• [Task instructions]: After locating the line that contains "#131=DIRECTION('',(0.,-1.,0.));" in the data below, set down exactly that line and each one after it through the line that contains "#144=ORIENTED_EDGE('',*,*,#143,.F.);", and nothing more.

• [Exercise inputs]:
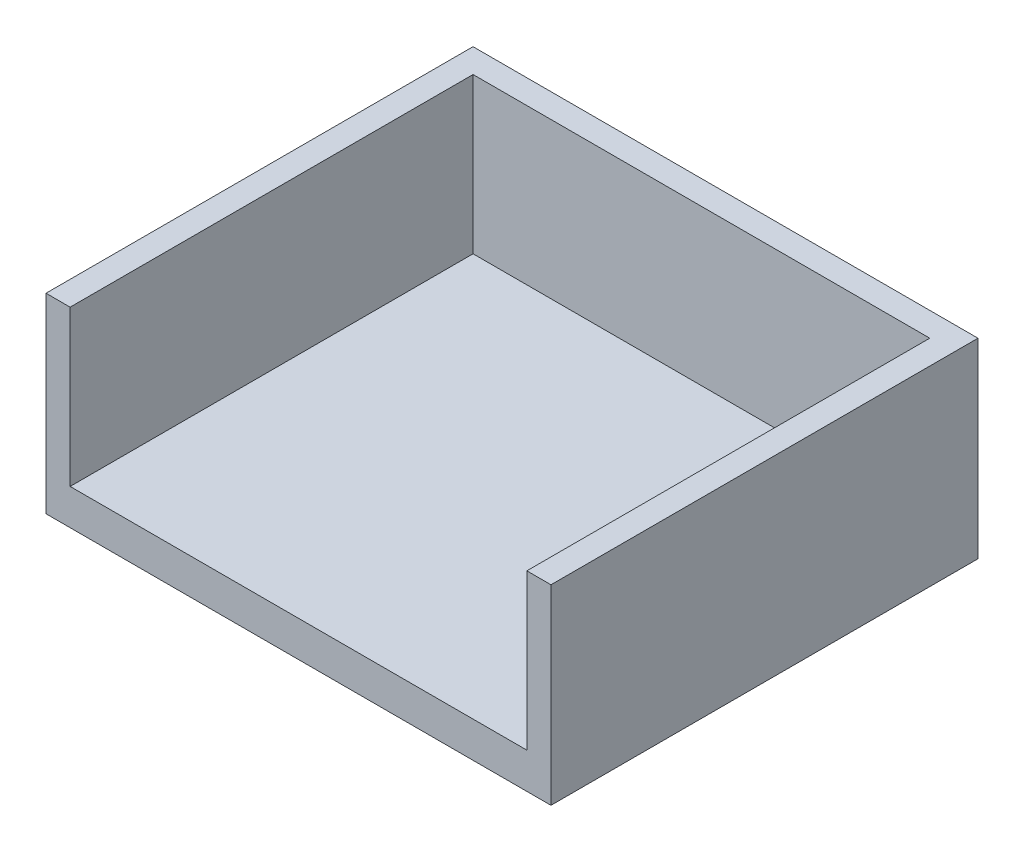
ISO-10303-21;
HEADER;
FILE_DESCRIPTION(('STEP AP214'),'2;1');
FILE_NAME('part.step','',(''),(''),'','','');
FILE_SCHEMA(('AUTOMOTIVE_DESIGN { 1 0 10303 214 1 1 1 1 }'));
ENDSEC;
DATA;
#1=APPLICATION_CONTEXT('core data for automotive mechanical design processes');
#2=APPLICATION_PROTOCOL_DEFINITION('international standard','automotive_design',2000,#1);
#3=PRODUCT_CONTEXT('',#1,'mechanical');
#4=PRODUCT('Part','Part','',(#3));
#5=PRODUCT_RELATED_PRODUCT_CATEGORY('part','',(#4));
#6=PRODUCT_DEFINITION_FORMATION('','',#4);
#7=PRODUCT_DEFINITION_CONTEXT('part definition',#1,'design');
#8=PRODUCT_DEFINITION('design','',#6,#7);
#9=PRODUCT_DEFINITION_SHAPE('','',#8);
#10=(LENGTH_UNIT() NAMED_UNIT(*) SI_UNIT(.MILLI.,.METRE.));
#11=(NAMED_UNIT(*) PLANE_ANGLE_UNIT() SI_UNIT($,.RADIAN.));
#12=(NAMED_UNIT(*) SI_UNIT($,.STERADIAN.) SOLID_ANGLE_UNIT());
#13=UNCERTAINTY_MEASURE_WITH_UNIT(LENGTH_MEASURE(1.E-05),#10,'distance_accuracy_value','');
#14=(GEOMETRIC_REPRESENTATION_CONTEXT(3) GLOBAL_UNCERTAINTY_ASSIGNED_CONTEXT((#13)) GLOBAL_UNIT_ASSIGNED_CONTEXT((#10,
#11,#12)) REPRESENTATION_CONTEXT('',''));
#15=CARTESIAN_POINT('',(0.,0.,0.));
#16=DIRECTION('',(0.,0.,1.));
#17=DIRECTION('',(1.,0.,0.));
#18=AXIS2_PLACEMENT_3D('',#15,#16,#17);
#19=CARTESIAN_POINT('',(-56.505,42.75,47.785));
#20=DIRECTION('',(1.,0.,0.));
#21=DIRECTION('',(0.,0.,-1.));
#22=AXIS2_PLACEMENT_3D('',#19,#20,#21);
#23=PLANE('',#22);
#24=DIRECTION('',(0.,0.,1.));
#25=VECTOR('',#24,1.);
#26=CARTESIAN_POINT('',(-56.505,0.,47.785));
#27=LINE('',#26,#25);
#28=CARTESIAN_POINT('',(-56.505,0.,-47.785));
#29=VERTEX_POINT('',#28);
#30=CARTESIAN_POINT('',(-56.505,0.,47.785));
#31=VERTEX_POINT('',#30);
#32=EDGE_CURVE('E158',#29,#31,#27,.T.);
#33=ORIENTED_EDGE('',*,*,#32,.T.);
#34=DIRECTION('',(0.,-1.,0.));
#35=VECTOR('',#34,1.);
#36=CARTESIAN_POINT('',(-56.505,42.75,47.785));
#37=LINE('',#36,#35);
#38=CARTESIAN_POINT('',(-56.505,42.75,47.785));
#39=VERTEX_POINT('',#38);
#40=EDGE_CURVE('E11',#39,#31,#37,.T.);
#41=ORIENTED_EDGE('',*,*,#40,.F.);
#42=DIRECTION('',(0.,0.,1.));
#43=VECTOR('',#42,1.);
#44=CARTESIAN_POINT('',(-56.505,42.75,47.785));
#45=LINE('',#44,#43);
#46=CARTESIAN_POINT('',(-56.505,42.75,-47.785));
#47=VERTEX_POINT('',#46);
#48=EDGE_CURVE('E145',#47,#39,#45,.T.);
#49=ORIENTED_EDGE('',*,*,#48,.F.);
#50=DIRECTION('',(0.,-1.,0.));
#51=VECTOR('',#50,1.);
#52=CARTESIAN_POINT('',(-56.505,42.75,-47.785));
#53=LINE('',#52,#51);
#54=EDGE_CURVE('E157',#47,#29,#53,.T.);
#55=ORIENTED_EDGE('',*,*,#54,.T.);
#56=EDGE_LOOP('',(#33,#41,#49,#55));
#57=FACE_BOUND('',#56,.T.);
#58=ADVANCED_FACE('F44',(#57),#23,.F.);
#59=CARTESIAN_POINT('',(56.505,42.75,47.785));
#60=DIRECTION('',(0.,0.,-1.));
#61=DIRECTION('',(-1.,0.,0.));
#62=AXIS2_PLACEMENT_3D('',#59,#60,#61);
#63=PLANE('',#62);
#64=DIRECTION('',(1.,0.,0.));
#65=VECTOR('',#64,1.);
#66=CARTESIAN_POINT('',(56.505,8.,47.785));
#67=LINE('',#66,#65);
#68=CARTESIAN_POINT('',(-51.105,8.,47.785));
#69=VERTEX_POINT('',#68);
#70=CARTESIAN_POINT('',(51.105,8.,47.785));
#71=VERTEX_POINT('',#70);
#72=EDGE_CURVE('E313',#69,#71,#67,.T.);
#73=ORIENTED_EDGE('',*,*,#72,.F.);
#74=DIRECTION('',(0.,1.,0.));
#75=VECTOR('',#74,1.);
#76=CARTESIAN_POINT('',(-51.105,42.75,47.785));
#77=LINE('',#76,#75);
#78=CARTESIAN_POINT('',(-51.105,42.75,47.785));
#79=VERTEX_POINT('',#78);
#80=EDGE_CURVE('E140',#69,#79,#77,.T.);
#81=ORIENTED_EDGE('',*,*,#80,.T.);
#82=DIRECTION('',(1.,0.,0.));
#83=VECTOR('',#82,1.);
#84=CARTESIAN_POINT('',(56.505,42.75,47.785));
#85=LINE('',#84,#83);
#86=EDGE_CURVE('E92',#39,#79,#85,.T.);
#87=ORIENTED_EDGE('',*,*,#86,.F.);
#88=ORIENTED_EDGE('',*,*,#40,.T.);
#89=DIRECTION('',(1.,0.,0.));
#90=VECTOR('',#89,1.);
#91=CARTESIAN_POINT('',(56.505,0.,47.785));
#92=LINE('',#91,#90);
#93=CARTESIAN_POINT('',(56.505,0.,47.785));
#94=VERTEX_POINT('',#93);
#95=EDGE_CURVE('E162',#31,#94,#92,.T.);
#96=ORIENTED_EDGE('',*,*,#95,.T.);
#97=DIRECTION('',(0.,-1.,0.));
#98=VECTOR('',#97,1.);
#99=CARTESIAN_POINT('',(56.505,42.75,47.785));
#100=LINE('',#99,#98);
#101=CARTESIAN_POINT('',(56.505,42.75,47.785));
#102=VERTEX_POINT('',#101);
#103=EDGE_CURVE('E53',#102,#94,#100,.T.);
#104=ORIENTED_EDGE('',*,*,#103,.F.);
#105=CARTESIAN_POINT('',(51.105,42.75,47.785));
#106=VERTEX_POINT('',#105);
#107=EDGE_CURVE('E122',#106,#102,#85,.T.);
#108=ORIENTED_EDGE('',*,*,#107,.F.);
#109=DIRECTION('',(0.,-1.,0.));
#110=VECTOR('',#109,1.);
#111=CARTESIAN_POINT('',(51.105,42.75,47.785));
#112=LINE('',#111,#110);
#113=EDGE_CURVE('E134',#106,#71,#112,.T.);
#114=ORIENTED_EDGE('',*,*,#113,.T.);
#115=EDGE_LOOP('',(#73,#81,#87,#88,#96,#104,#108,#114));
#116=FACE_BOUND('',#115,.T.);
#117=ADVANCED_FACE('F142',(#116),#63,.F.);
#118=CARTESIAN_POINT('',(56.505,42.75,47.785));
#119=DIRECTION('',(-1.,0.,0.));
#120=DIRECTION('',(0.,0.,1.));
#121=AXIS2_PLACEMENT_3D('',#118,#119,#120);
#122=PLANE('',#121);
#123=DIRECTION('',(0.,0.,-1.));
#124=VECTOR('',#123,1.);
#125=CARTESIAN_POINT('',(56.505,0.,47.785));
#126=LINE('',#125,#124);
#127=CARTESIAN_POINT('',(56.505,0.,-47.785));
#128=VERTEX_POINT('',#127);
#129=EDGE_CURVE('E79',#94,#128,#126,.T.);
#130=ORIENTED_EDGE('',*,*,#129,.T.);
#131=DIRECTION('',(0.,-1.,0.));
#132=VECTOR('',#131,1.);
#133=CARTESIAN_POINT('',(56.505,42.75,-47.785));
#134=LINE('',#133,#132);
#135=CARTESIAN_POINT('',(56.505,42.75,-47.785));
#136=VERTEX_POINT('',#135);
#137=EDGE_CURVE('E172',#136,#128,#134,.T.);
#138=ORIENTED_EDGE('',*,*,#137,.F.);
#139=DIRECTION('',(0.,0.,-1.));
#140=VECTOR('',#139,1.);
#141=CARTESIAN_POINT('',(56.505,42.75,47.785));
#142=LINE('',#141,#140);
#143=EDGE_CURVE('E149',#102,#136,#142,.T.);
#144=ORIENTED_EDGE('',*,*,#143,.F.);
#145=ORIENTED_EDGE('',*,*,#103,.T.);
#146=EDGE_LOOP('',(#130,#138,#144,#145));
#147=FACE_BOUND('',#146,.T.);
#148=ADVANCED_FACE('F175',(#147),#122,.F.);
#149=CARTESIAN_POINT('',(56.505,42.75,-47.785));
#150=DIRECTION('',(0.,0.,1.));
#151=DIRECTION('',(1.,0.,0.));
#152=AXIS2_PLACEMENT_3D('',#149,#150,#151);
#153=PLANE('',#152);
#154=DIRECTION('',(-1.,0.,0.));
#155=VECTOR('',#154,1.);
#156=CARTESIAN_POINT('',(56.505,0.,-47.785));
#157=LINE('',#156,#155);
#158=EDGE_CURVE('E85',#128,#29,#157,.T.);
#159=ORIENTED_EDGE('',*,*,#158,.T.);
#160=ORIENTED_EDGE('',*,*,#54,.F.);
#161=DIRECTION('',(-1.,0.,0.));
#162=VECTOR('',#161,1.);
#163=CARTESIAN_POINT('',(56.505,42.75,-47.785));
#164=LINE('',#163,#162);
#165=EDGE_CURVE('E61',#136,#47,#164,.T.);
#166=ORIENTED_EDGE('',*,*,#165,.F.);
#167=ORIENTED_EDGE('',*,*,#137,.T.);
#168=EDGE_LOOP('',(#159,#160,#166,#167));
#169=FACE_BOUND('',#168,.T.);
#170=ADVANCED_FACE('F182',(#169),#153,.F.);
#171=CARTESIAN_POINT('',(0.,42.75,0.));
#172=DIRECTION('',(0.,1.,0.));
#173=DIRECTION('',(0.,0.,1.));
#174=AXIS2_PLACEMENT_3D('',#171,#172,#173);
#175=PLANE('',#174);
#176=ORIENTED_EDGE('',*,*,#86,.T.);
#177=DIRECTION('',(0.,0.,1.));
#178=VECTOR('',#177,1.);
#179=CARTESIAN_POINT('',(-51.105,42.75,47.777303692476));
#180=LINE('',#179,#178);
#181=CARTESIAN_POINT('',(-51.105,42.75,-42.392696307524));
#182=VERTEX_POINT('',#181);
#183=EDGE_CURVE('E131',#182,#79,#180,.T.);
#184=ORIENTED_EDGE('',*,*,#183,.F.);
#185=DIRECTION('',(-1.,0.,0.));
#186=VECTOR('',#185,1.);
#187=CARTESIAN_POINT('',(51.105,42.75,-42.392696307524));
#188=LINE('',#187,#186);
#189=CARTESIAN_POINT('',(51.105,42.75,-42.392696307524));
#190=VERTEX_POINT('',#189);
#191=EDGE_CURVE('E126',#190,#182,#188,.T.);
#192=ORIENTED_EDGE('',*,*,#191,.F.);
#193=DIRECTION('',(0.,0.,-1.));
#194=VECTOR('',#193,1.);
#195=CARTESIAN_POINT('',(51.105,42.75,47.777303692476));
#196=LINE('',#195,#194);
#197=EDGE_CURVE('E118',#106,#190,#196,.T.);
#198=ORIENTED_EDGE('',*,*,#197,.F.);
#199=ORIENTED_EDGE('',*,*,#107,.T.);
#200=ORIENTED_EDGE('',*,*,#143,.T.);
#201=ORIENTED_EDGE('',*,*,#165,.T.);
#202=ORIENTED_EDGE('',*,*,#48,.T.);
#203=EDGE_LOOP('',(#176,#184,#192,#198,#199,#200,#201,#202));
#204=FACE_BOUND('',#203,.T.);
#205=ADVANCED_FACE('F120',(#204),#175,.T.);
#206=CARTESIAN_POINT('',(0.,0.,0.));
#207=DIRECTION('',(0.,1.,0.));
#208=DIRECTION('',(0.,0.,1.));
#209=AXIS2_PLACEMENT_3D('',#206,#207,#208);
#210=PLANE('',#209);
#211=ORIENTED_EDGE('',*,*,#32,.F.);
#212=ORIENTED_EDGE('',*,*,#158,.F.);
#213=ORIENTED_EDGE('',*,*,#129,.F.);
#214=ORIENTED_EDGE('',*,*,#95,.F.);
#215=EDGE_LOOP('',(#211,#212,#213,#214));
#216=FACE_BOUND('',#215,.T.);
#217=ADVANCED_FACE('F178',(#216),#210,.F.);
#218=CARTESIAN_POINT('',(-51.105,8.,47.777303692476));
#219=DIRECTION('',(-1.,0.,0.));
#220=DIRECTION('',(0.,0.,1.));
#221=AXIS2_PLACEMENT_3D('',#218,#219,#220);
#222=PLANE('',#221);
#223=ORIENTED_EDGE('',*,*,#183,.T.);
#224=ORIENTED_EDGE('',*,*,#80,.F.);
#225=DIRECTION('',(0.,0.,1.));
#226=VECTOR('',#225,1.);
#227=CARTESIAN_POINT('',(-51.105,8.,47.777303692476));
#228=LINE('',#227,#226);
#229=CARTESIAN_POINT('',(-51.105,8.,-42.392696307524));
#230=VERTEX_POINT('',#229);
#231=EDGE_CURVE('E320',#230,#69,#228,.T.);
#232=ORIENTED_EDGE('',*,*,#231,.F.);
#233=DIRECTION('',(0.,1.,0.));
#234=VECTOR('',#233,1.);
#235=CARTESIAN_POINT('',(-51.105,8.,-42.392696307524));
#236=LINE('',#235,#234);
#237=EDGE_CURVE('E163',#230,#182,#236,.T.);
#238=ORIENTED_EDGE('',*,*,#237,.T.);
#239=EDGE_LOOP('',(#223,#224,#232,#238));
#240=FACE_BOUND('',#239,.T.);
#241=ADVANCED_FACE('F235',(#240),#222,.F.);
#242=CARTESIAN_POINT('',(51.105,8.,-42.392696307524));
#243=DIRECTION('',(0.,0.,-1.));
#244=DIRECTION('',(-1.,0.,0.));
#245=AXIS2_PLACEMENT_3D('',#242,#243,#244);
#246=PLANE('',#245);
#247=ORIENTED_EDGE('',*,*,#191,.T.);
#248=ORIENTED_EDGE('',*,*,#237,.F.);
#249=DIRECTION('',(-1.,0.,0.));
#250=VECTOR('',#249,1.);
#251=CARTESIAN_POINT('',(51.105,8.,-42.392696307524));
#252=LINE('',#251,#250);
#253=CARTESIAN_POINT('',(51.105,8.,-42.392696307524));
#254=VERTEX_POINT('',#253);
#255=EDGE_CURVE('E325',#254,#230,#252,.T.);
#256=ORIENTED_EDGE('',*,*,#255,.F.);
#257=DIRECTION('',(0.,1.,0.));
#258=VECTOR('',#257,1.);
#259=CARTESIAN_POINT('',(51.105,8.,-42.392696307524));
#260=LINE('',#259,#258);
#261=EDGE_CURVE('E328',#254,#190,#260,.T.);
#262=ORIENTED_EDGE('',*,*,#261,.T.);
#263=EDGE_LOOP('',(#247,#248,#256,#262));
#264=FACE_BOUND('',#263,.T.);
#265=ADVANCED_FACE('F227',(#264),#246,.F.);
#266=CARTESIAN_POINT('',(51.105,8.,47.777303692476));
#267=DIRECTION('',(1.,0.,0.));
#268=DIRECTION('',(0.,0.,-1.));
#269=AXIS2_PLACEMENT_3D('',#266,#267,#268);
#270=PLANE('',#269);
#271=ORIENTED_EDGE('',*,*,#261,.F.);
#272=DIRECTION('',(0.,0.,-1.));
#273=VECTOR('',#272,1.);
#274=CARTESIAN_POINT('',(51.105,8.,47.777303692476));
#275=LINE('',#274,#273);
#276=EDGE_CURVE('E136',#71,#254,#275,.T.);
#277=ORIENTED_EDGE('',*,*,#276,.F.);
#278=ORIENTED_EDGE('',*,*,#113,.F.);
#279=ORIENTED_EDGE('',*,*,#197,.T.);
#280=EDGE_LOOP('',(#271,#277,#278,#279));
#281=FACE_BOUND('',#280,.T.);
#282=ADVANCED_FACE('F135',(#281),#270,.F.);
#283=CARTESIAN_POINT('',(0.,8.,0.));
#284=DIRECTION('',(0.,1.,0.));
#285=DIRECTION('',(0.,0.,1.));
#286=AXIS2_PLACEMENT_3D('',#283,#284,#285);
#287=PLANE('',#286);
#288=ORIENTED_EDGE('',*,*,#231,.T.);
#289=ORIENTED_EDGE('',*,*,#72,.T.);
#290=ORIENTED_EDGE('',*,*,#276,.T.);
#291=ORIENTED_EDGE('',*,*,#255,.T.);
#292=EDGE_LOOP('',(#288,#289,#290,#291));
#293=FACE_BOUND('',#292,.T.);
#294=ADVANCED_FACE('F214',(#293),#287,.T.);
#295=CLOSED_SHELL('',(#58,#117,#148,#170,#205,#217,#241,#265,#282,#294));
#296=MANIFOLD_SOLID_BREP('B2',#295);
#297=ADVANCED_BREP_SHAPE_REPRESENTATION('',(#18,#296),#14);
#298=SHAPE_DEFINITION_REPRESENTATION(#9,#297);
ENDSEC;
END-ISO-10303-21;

• [Task answer]:
#131=DIRECTION('',(0.,-1.,0.));
#132=VECTOR('',#131,1.);
#133=CARTESIAN_POINT('',(56.505,42.75,-47.785));
#134=LINE('',#133,#132);
#135=CARTESIAN_POINT('',(56.505,42.75,-47.785));
#136=VERTEX_POINT('',#135);
#137=EDGE_CURVE('E172',#136,#128,#134,.T.);
#138=ORIENTED_EDGE('',*,*,#137,.F.);
#139=DIRECTION('',(0.,0.,-1.));
#140=VECTOR('',#139,1.);
#141=CARTESIAN_POINT('',(56.505,42.75,47.785));
#142=LINE('',#141,#140);
#143=EDGE_CURVE('E149',#102,#136,#142,.T.);
#144=ORIENTED_EDGE('',*,*,#143,.F.);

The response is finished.